» The task
Return copies of the lines below that mention "other".

» Records
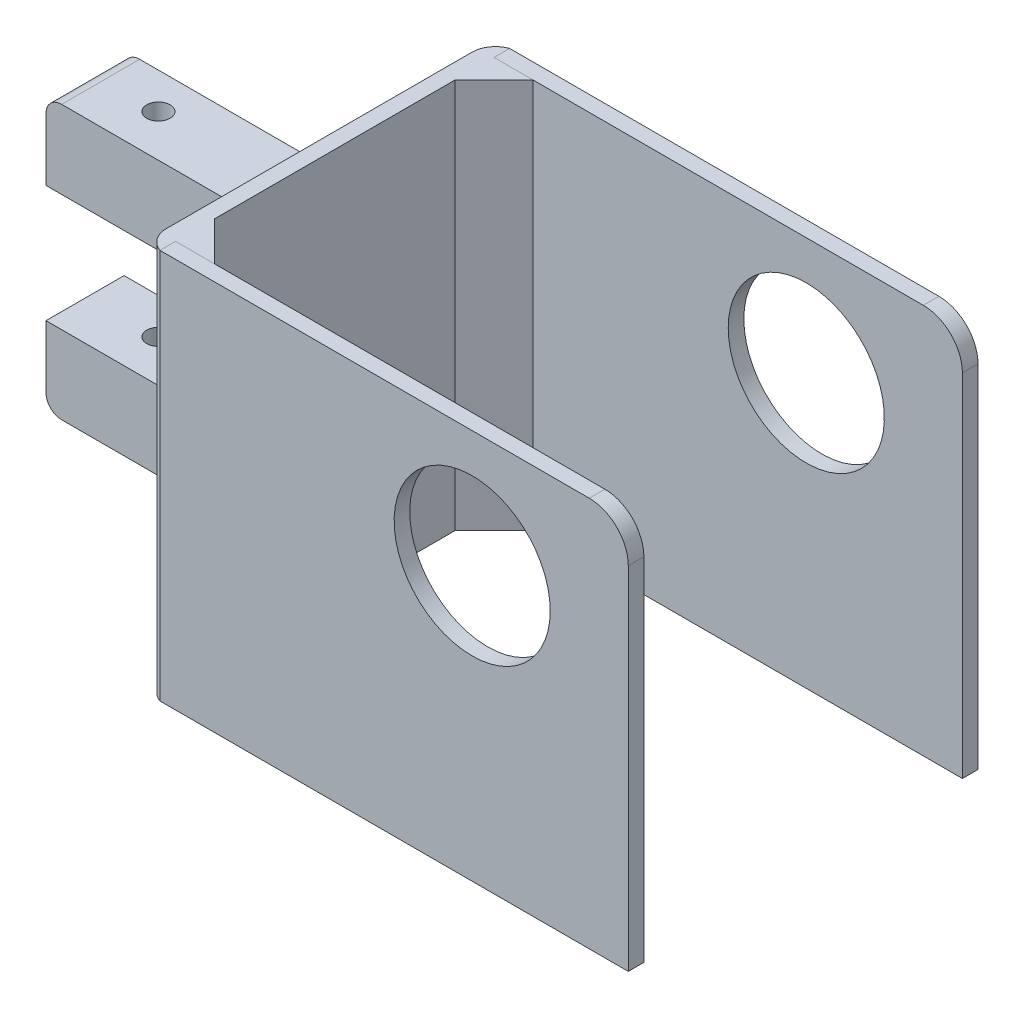
SolidWorks part; units mm, degrees
ref_plane "前视基准面" through (0, 0, 0) normal (0, 0, 1) x (1, 0, 0)
ref_plane "上视基准面" through (0, 0, 0) normal (0, 1, 0) x (1, 0, 0)
ref_plane "右视基准面" through (0, 0, 0) normal (1, 0, 0) x (0, 0, -1)
sketch "草图3" plane through (0, 0, 0) normal (0, 0, 1) x (1, 0, 0)
  line L0 (60.2665, 6.5325) -> (60.2665, 16.5325)
  line L1 (10.7665, 16.5325) -> (10.7665, 6.5325)
  line L2 (10.7665, 16.5325) -> (60.2665, 16.5325)
  circle A0 centre (60.2665, 16.5325) radius 3
  circle A1 centre (60.2665, 6.5325) radius 3
  circle A6 centre (10.7665, 6.5325) radius 3
  circle A7 centre (10.7665, 16.5325) radius 3
  dimension "D1" = 6
  dimension "D2" = 6
  dimension "D4" = 6
  dimension "D5" = 6
  dimension "D3" = 10
  dimension "D6" = 49.5
  dimension "D7" = 49.5
  dimension "D8" = 10
extrude "凸台-拉伸6" add sketch "草图3" along normal blind 0.001 contours A6 | A0 | A1 | A7
sketch "草图11" plane through (0, 0, 0.001) normal (0, 0, 1) x (1, 0, 0)
  circle A0 centre (10.7665, 16.5325) radius 2.25
  circle A1 centre (10.7665, 6.5325) radius 2.25
  circle A2 centre (60.2665, 16.5325) radius 2.25
  circle A3 centre (60.2665, 6.5325) radius 2.25
  dimension "D1" = 4.5
  dimension "D2" = 4.5
  dimension "D3" = 4.5
  dimension "D4" = 4.5
extrude "切除-拉伸2" cut sketch "草图11" against normal through all both and the other way through all
sketch "草图12" plane through (0, 0, 0.001) normal (0, 0, 1) x (1, 0, 0)
  line L4 (10.7665, 16.5325) -> (60.2665, 6.5325) construction
  line L5 (10.7665, 6.5325) -> (60.2665, 16.5325) construction
  line L6 (60.2665, 16.5325) -> (60.2665, 6.5325) construction
  line L7 (5.5165, 26.5325) -> (65.5165, 26.5325)
  line L8 (5.5165, 26.5325) -> (5.5165, 1.5325)
  line L9 (5.5165, -23.4675) -> (65.5165, -23.4675)
  line L10 (65.5165, 26.5325) -> (65.5165, -23.4675)
  line L11 (5.5165, 1.5325) -> (5.5165, -23.4675) construction
  line L13 (5.5165, -23.4675) -> (5.5165, 1.5325) construction
  line L16 (5.5165, 1.5325) -> (5.5165, -23.4675)
  circle A4 centre (45.5165, 11.5325) radius 10
  point P8 (35.5165, 11.5325)
  point P9 (35.5165, 26.5325)
  point P10 (-46.6091, 14.6442)
  point P11 (60.2665, 11.5325)
  dimension "D5" = 20
  dimension "D1" = 60
  dimension "D2" = 50
  dimension "D3" = 15
  dimension "D4" = 14.75
extrude "凸台-拉伸7" add sketch "草图12" along normal blind 2 and the other way blind 0.8019 contours L7 L10 L9 L16 L8
sketch "草图14" plane through (0, 0, -0.8009) normal (0, 0, -1) x (-1, 0, 0)
  line L0 (-60.2665, 16.5325) -> (-60.2665, 6.5325) construction
  circle A8 centre (-45.5165, 11.5325) radius 10
  point P14 (-60.2665, 11.5325)
  point P15 (0.1696, -0.033)
  dimension "D2" = 20
extrude "切除-拉伸3" cut sketch "草图14" against normal blind 3
sketch "草图15" plane through (0, 0, -0.8009) normal (0, 0, -1) x (-1, 0, 0)
  circle A0 centre (-45.5165, 11.5325) radius 10 construction
  circle A1 centre (-45.5165, 11.5325) radius 10
  circle A2 centre (-45.5165, -12.4675) radius 2.75
  dimension "D2" = 5.5
  dimension "D1" = 24
extrude "凸台-拉伸10" add sketch "草图12<4>" along normal blind 44
sketch "草图12<4>" plane through (0, 0, 0.001) normal (0, 0, 1) x (1, 0, 0) same geometry as "草图12"
sketch "草图19" plane through (65.5165, 0, 0) normal (1, 0, 0) x (0, 0, -1)
  line L0 (-44.001, 26.5325) -> (-42.001, 26.5325)
  line L1 (-44.001, 26.5325) -> (0.8009, 26.5325) construction
  line L2 (0.8009, 26.5325) -> (-1.1991, 26.5325)
  dimension "D1" = 2
  dimension "D2" = 2
sketch "草图20" plane through (65.5165, 0, 0) normal (1, 0, 0) x (0, 0, -1)
  line L0 (-42.001, 26.5325) -> (-42.001, -23.4675)
  line L1 (-44.001, -23.4675) -> (0.8009, -23.4675) construction
  line L2 (-42.001, 26.5325) -> (-1.1991, 26.5325)
  line L3 (-1.1991, 26.5325) -> (-1.1991, -23.4675)
  line L4 (-1.1991, -23.4675) -> (-42.001, -23.4675)
extrude "切除-拉伸6" cut sketch "草图20" against normal blind 60
sketch "草图21" plane through (5.5165, 0, 0) normal (-1, 0, 0) x (0, 0, 1)
  line L0 (-0.8009, -23.4675) -> (44.001, -23.4675)
  line L1 (44.001, -23.4675) -> (44.001, 26.5325)
  line L2 (44.001, 26.5325) -> (-0.8009, 26.5325)
  line L3 (-0.8009, 26.5325) -> (-0.8009, -23.4675)
extrude "凸台-拉伸11" add sketch "草图21" along normal blind 2
sketch "草图25" plane through (0, 0, -0.8009) normal (0, 0, -1) x (-1, 0, 0)
  circle A0 centre (-33.0165, 19.0325) radius 0.75
  circle A2 centre (-33.0165, 4.0325) radius 0.75
  circle A3 centre (-18.0165, 19.0325) radius 0.75
  circle A4 centre (-18.0165, 3.623) radius 0.75
  circle A5 centre (-25.5165, 19.0325) radius 0.75
  circle A6 centre (-25.5165, 3.8277) radius 0.75
  circle A7 centre (-18.0165, 11.3277) radius 0.75
  dimension "D4" = 15
  dimension "D5" = 1.5
  dimension "D1" = 1.5
  dimension "D2" = 1.5
  dimension "D3" = 1.5
  dimension "D6" = 1.5
  dimension "D7" = 1.5
  dimension "D8" = 1.5
fillet "圆角2" radius 5 1 edges at (65.5165, 26.5325, 0.1991)
fillet "圆角3" radius 5 1 edges at (65.5165, 26.5325, 43.001)
fillet "圆角5" radius 3 1 edges at (3.5165, 1.5325, 44.001)
fillet "圆角6" radius 3 1 edges at (3.5165, 1.5325, -0.8009)
sketch "草图26" plane through (0, 0, -0.8009) normal (0, 0, -1) x (-1, 0, 0)
  circle A0 centre (-24.5861, -9.3979) radius 2.75
  dimension "D1" = 5.5
  dimension "D2" = 29.6
sketch "草图29" plane through (0, 0, -0.8009) normal (0, 0, -1) x (-1, 0, 0)
  line L0 (-65.5165, 21.5325) -> (-65.5165, -23.4675) construction
  line L1 (-65.5165, 4.1055) -> (-35.5165, -23.4675)
  line L2 (-5.5165, -23.4675) -> (-65.5165, -23.4675) construction
  line L3 (-35.5165, -23.4675) -> (-65.5165, -23.4675)
  line L4 (-65.5165, -23.4675) -> (-65.5165, 4.1055)
sketch "草图35" plane through (0, -23.4675, 0) normal (0, -1, 0) x (1, 0, 0)
  line L0 (5.5165, 42.001) -> (10.5165, 42.001)
  line L1 (5.5165, 42.001) -> (65.5165, 42.001) construction
  line L2 (10.5165, 42.001) -> (5.5165, 37.001)
  line L3 (5.5165, -0.8009) -> (5.5165, 44.001) construction
  line L4 (5.5165, 37.001) -> (5.5165, 42.001)
  line L5 (5.5165, 1.1991) -> (5.5165, 6.1991)
  line L6 (5.5165, 6.1991) -> (10.5165, 1.1991)
  line L7 (5.5165, 1.1991) -> (65.5165, 1.1991) construction
  line L8 (10.5165, 1.1991) -> (5.5165, 1.1991)
  dimension "D1" = 5
  dimension "D2" = 5
  dimension "D3" = 5
  dimension "D4" = 5
extrude "凸台-拉伸15" add sketch "草图35" against normal blind 50
sketch "草图36" plane through (3.5165, 0, 0) normal (-1, 0, 0) x (0, 0, 1)
  line L0 (2.0275, 1.5325) -> (41.1726, 1.5325) construction
  line L1 (16.6, -15.9675) -> (26.6, -15.9675)
  line L2 (16.6, -15.9675) -> (16.6, 19.0325)
  line L3 (16.6, 19.0325) -> (26.6, 19.0325)
  line L4 (26.6, -15.9675) -> (26.6, 19.0325)
  line L5 (16.6, -15.9675) -> (26.6, 19.0325) construction
  line L6 (16.6, 19.0325) -> (26.6, -15.9675) construction
  point P0 (21.6, 1.5325)
  dimension "D1" = 35
  dimension "D2" = 10
extrude "凸台-拉伸16" add sketch "草图36" along normal blind 30
fillet "圆角7" radius 2 2 edges at (-26.4835, -15.9675, 21.6) (-26.4835, 19.0325, 21.6)
sketch "草图38" plane through (-26.4835, 0, 0) normal (-1, 0, 0) x (0, 0, 1)
  line L0 (16.6, 9.0325) -> (16.6, -5.9675)
  line L1 (16.6, 17.0325) -> (16.6, -13.9675) construction
  line L2 (16.6, -5.9675) -> (26.6, -5.9675)
  line L3 (26.6, -13.9675) -> (26.6, 17.0325) construction
  line L4 (26.6, -5.9675) -> (26.6, 9.0325)
  line L5 (26.6, 9.0325) -> (16.6, 9.0325)
  point P0 (26.6, 1.5325)
  point P5 (16.6, 1.5325)
  dimension "D1" = 7.5
sketch "草图39" plane through (0, 19.0325, 0) normal (0, 1, 0) x (1, 0, 0)
  line L0 (-24.4835, -16.6) -> (-24.4835, -26.6) construction
  circle A0 centre (-17.4835, -21.1984) radius 1.5
  dimension "D2" = 3
  dimension "D1" = 7
extrude "切除-拉伸8" cut sketch "草图39" against normal through all both and the other way through all contours A0
extrude "切除-拉伸9" cut sketch "草图38" against normal blind 15

» Written answer
extrude "切除-拉伸2" cut sketch "草图11" against normal through all both and the other way through all
extrude "凸台-拉伸7" add sketch "草图12" along normal blind 2 and the other way blind 0.8019 contours L7 L10 L9 L16 L8
extrude "切除-拉伸8" cut sketch "草图39" against normal through all both and the other way through all contours A0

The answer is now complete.